Video: Stanford University in California
Researchers have demonstrated a method of transferring wireless energy to a medical device implanted inside a living animal.
The new system, which uses the same amount of power as a cell phone to transmit energy to implanted chips roughly the size of a grain of rice, is the culmination of years of work by Ada Poon, assistant professor of electrical engineering at Stanford University in California. The project focused on eliminating the bulky batteries and recharging systems that prevent implantable medical devices from being more widely used.
“We need to make these devices as small as possible to more easily implant them deep in the body and create new ways to treat illness and alleviate pain,” said Poon.
“Our device is small, so it will be much easier to deliver into the body.”
The key to the project’s success was the development of a new type of a wireless power transfer system that combines certain characteristics of both near-field and far field waves. Far-field waves, like those broadcast from radio towers, are able to travel over long distances but reflect off or are absorbed by biological tissue. Near-field waves can be used safely in wireless power systems, but can only transfer power over short distances, limiting their usefulness further inside the human body.
However, the researchers found that combining the safety of near-field waves and the reach of far-field waves yielded a versatile system able to alter its wave characteristics as needed. According to Poon, the power source initially generates a special type of near-field wave which, upon moving from air to skin, changes its properties to continue propagation inside the body.

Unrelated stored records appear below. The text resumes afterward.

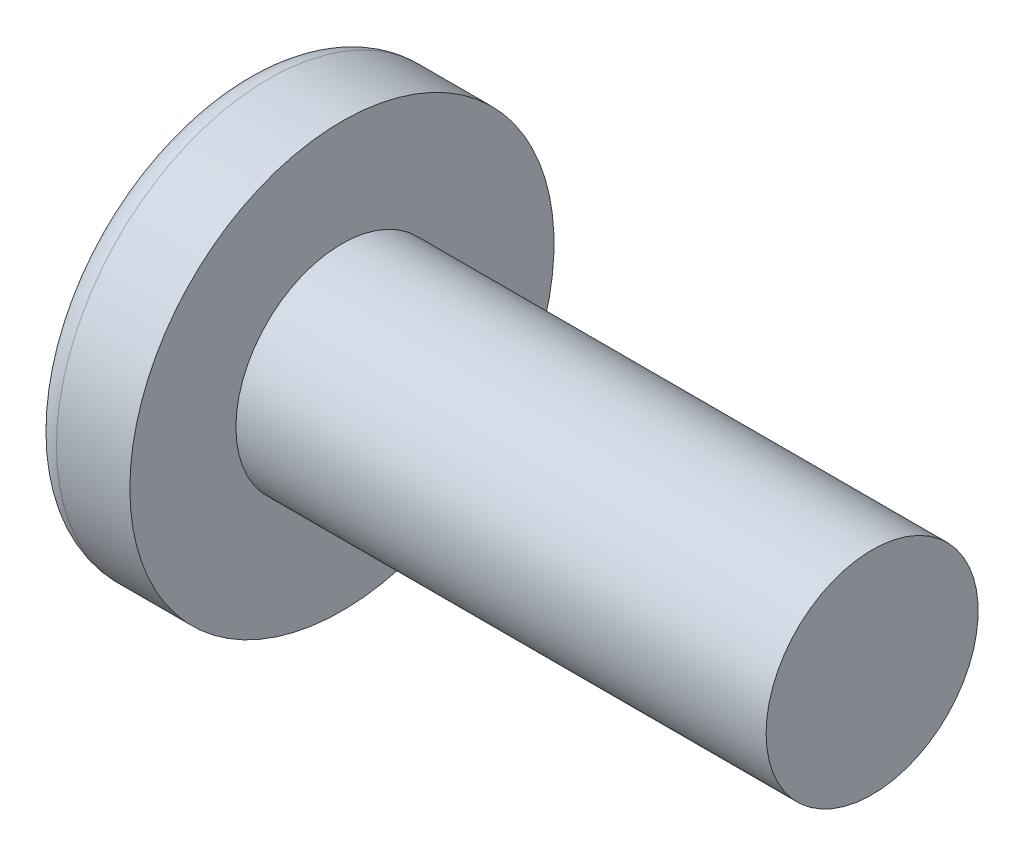
SolidWorks part; units mm, degrees
ref_plane "Plane1" through (0, 0, 0) normal (0, 0, 1) x (1, 0, 0)
ref_plane "Plane2" through (0, 0, 0) normal (0, 1, 0) x (1, 0, 0)
ref_plane "Plane3" through (0, 0, 0) normal (1, 0, 0) x (0, 0, -1)
sketch "BodySke" plane through (0, 0, 0) normal (0, 0, 1) x (1, 0, 0)
  line L0 (6, 4) -> (6, 8)
  line L1 (7.25, 6.35) -> (7.25, -3.175) construction
  line L2 (-25.4, 0) -> (127, 0) construction
  line L3 (26, 0) -> (0, 0)
  line L4 (6, 4) -> (26, 4)
  line L5 (26, 4) -> (26, 0)
  line L6 (3.2327, 8) -> (6, 8)
  line L7 (6, -4) -> (26, -4) construction
  line L8 (6, 6.35) -> (6, -3.175) construction
  arc A0 (2.4539, 7.6013) -> (0, 0) centre (13, 0) ccw
  arc A2 (2.4539, 7.6013) -> (3.2327, 8) centre (3.2327, 7.04) cw
  dimension "Head_crown_rad" = 13
  dimension "Head_fillet_rad" = 0.96
  dimension "Diameter" = 8
  dimension "Length" = 20
  dimension "Head_ht" = 6
  dimension "Head_dia" = 16
  dimension "Advance" = 1.25
  dimension "Thread_nom" = 20
revolve "Base-Revolve" add sketch "BodySke" angle 360 about L2
cosmetic thread "ThreadCosmetic" [suppressed] parameters "Thread_length"=18.75, "Thread_minor"=6.619
sketch "Sketch3" plane through (0, 0, 0) normal (1, 0, 0) x (0, 0, -1)
  line L0 (0.845, -4.51) -> (-0.845, -4.51)
  line L1 (0.845, -4.51) -> (0.845, 4.51)
  line L2 (-0.845, 4.51) -> (0.845, 4.51)
  line L3 (-0.845, 4.51) -> (-0.845, -4.51)
  dimension "Cross_dia" = 9.02
  dimension "D1" = 4.51
  dimension "Cross_width" = 1.69
  dimension "D2" = 0.845
ref_plane "Plane4" through (4.88, 0, 0) normal (1, 0, 0) x (0, 0, -1)
sketch "Sketch4" plane through (4.88, 0, 0) normal (1, 0, 0) x (0, 0, -1)
  line L0 (0.4225, -0.4225) -> (-0.4225, -0.4225)
  line L1 (0.4225, -0.4225) -> (0.4225, 0.4225)
  line L2 (-0.4225, 0.4225) -> (0.4225, 0.4225)
  line L3 (-0.4225, 0.4225) -> (-0.4225, -0.4225)
  dimension "D2" = 0.845
  dimension "D1" = 0.845
  dimension "D3" = 0.4225
  dimension "D4" = 0.4225
loft "Cut-Loft1" cut profiles "Sketch3", "Sketch4"
pattern_circular "CirPattern1" count 2 every 90 about axis through (0, 0, 0) along (1, 0, 0) of "Cut-Loft1"
sketch "ThdSchSke" plane through (0, 0, 0) normal (0, 0, 1) x (1, 0, 0)
  line L0 (7.25, -3.3095) -> (6.7665, -4)
  line L1 (7.25, -3.3095) -> (7.7335, -4)
  line L2 (7.7335, -4) -> (7.7335, -5)
  line L3 (-3.175, 0) -> (5.1513, 0) construction
  line L5 (7.7335, -5) -> (6.7665, -5)
  line L6 (6.7665, -5) -> (6.7665, -4)
  dimension "Diameter" = 8
  dimension "SideAngle" = 55
  dimension "VeeAngle" = 70
  dimension "Thread_minor" = 6.619
  dimension "Overcut" = 10
  dimension "Start" = 7.25
revolve "ThreadSchematic" [suppressed] cut sketch "ThdSchSke" angle 360 about L3
pattern_linear "ThdSchPat" [suppressed]
equation "\"D1@Sketch3\" = \"Cross_dia@Sketch3\" / 2"
equation "\"D2@Sketch3\" = \"Cross_width@Sketch3\" / 2"
equation "\"D1@Sketch4\" = \"Cross_width@Sketch3\" *.5"
equation "\"D2@Sketch4\" = \"D1@Sketch4\""
equation "\"D3@Sketch4\" = \"D1@Sketch4\" / 2"
equation "\"D4@Sketch4\" = \"D2@Sketch4\" / 2"
equation "\"Thread_length@ThreadCosmetic\" = ((sgn( (\"Length@BodySke\" - \"Advance@BodySke\" ) - \"Thread_nom@BodySke\" )-1)*( (\"Length@BodySke\" - \"Advance@BodySke\" ) - \"Thread_nom@BodySke\" ))/-2+ \"Thread_nom@BodySke\""
equation "\"Thread_minor@ThdSchSke\" = \"Thread_minor@ThreadCosmetic\""
equation "\"Diameter@ThdSchSke\" = \"Diameter@BodySke\""
equation "\"Overcut@ThdSchSke\" = \"Diameter@BodySke\" * 1.25"
equation "\"Start@ThdSchSke\" = \"Head_ht@BodySke\" + \"Length@BodySke\" - \"Thread_length@ThreadCosmetic\"  '---Non-countersunk---"
equation "\"Num_threads@ThdSchPat\" = int( \"Thread_length@ThreadCosmetic\" / \"Advance@BodySke\" + 0.999 )  + 1"
equation "\"Advance@ThdSchPat\" = \"Thread_length@ThreadCosmetic\" /  (\"Num_threads@ThdSchPat\" - 1) 'relax it"

Poon believes the new system, in addition to powering pacemakers and other modern implantable medical devices, could lead to the evolution of programmable micro-implants, such as sensors designed to monitor vital functions inside the body, electrostimulators that change neural signals in the brain and drug delivery systems capable of applying medicine directly to an affected area.
An independent laboratory that tests cell phones has already verified the new system to be below the maximum human exposure levels, says Poon.
The researchers have thus far tested the wireless charging system in a pig and used it to power a pacemaker inside a rabbit. Preparations for testing the system on humans are currently being made, after which is could take several years to satisfy safety and efficacy requirements for use of the system in commercial medical devices.